On June 11, Japan's House of Representatives passed an amendment that reclassifies crypto assets as financial products under the Financial Instruments and Exchange Act (FIEA). The bill went through a Cabinet decision on April 10 and was submitted to the Diet, and it has now cleared the lower house and moved to deliberation in the House of Councillors. It must pass the House of Councillors to become law, and the promulgation and effective dates are not yet confirmed.
The significance of this amendment is that the governing law for crypto assets itself changes. Since 2017, Japan has placed crypto assets under the Payment Services Act (PSA), managing them mainly through rules for businesses handling payment instruments. The amendment moves them to the Financial Instruments and Exchange Act, which governs stocks and bonds. Behind this is the judgment that the actual use of crypto assets has shifted from payments to investment. Japan now has more than 14M crypto accounts, and about 70% of these belong to people earning less than 7M yen (about $43,600) a year. The Financial Services Agency (FSA) said that moving a market that has grown around retail into a regulatory framework matching the asset's investment character is the rationale for this amendment.
That said, the bill does not treat crypto assets exactly the same as securities such as stocks and bonds. It places them in a separate category under the Financial Instruments and Exchange Act and layers capital-market-style rules on top. As a result, disclosure obligations for issuers, a ban on insider trading using non-public information, and market manipulation rules are newly added. The insider trading rule was a gap that did not exist under the Payment Services Act framework, and this amendment makes it a direct subject of regulation for the first time. Penalties for unregistered operators are also strengthened, and a path is created for investors to void transactions with unregistered operators and claim refunds.
At the same time, this amendment opens a regulatory path for crypto ETFs, raising the possibility of crypto ETFs launching in Japan around 2027. Taxation moves on a separate track as well. The capital gains tax on crypto assets, currently levied as miscellaneous income at up to 55%, is set to drop to a flat 20% separate taxation, the same as stocks. The FIEA rules target 2027 for implementation, and the separate taxation targets 2028.
Researcher's Comment
In Japan, crypto assets have been treated effectively as payment instruments under the Payment Services Act framework since 2017. Investor protection and anti-money laundering were the main concerns, while their character as investment assets was secondary.

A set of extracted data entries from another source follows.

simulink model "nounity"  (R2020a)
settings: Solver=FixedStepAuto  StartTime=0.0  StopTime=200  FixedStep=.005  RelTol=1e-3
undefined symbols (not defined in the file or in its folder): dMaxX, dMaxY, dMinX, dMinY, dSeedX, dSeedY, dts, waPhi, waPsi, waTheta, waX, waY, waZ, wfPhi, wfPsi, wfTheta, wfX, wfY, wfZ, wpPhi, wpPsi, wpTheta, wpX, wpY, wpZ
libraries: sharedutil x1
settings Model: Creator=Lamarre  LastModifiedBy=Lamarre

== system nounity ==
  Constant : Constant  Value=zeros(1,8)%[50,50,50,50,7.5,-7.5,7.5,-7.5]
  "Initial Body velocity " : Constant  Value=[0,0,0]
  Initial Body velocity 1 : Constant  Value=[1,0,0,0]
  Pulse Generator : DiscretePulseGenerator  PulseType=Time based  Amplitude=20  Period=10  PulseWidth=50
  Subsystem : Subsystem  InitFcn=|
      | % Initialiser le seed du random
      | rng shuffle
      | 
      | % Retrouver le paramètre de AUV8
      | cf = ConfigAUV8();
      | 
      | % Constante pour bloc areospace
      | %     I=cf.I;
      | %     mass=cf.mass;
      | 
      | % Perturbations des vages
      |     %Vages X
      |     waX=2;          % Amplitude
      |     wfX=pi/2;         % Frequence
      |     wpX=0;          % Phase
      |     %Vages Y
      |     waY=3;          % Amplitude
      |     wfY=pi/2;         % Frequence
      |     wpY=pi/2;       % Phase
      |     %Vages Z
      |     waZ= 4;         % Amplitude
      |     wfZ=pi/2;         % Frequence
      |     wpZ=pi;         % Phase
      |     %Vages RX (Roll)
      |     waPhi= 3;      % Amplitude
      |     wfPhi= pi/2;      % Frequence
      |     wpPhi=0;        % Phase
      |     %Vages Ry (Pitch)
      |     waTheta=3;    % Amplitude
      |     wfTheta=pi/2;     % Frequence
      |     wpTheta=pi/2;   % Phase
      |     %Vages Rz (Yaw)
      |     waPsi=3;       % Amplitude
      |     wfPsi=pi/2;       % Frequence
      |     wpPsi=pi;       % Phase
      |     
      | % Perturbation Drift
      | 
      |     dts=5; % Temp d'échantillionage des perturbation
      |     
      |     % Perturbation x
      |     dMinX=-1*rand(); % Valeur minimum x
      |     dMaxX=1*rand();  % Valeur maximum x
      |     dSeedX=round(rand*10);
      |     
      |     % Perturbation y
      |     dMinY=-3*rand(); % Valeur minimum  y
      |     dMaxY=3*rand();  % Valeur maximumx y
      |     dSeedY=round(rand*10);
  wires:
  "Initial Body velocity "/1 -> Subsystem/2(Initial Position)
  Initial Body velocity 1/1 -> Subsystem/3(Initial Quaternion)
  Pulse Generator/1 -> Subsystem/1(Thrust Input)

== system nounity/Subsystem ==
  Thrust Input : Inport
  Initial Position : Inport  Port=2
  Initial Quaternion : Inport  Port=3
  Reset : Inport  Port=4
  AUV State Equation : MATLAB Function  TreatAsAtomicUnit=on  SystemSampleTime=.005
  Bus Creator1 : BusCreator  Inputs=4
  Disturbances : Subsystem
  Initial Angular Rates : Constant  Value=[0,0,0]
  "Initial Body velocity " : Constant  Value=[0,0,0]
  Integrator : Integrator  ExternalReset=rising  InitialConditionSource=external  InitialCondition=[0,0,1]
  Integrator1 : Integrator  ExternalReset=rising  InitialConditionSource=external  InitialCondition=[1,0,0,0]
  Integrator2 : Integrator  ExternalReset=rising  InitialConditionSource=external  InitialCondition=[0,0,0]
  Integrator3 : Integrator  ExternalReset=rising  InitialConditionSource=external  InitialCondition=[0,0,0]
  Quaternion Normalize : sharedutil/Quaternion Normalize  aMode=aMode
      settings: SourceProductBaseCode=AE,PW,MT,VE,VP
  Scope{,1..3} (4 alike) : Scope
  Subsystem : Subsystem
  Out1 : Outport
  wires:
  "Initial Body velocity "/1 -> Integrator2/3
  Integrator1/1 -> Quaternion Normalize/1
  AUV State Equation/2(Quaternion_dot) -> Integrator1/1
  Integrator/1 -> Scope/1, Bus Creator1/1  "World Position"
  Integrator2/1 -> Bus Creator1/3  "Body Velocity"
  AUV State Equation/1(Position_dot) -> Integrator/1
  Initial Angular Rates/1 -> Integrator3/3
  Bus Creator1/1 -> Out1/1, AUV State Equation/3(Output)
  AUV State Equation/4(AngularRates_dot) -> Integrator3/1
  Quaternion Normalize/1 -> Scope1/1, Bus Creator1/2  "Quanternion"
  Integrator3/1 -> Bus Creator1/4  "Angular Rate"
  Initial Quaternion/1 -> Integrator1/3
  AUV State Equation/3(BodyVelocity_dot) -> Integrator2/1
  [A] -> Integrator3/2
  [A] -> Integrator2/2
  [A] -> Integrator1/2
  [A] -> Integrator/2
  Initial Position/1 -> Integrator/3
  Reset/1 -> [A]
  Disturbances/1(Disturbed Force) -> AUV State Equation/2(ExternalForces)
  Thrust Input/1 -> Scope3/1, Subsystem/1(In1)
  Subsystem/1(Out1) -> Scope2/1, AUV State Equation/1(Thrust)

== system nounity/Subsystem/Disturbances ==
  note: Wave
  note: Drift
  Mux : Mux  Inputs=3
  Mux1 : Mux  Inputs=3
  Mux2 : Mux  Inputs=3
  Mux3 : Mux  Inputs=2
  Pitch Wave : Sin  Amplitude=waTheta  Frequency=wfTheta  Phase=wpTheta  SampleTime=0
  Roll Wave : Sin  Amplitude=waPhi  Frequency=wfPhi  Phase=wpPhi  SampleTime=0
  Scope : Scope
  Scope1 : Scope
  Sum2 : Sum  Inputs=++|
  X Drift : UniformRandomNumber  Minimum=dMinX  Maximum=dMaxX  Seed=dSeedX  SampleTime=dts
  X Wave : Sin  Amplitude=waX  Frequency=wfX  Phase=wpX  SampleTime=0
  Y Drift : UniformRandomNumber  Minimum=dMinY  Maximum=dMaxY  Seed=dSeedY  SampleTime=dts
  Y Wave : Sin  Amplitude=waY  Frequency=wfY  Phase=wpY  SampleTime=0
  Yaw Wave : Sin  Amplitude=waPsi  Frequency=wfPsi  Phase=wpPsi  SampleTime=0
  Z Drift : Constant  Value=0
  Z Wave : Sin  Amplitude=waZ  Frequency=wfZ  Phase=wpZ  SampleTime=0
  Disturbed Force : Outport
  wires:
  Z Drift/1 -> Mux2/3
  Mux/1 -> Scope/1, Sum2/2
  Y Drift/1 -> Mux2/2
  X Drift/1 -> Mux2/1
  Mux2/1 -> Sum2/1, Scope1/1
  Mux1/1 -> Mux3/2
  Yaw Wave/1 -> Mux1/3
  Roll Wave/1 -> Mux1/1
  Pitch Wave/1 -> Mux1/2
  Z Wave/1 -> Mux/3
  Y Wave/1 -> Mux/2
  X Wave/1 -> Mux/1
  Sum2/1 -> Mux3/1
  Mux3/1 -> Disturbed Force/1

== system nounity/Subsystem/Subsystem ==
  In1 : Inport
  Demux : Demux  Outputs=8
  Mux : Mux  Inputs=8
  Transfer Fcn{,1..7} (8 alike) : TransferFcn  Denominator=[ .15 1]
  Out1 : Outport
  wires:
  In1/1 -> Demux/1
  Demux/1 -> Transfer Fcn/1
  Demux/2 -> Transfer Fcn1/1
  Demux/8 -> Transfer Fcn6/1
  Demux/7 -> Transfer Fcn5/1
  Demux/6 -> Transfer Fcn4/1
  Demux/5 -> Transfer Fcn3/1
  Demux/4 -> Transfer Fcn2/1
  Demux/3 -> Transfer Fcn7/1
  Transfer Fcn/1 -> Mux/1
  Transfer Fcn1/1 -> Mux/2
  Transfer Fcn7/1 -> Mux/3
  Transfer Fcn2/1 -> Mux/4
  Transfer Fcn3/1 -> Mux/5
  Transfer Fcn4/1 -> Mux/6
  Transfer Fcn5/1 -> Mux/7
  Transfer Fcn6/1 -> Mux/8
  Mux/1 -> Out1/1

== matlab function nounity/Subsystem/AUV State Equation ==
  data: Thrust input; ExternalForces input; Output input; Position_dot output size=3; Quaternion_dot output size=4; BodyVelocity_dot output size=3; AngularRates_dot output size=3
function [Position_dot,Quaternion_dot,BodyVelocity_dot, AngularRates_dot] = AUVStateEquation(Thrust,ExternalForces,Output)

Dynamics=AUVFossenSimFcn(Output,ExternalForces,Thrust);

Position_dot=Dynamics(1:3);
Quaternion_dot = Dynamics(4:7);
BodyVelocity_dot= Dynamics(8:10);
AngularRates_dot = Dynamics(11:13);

This amendment is a regulatory shift that moves that position from payment instrument to investment product. Earlier, in the first quarter of 2026, the FSA carried out a reorganization that relocated crypto-asset supervision to the asset management supervision area. If that reorganization was a preceding step that moved the position of the supervisory framework at the administrative level, this legislation is the stage that puts the rules to apply to the newly placed area into actual law.
This shift is tied to Japan's national strategy. The Japanese government has pursued an "asset management nation" strategy aimed at moving household assets from deposits to investment and becoming an asset management hub, and the expansion of the new NISA (small-sum investment tax exemption) and the Tokyo Stock Exchange's push for listed companies to improve capital efficiency were part of it. Placing crypto assets within the FIEA framework amounts to bringing digital assets into the category of this strategy. The FSA's stating that the purpose of the reorganization is to realize the asset management nation also reads in this context.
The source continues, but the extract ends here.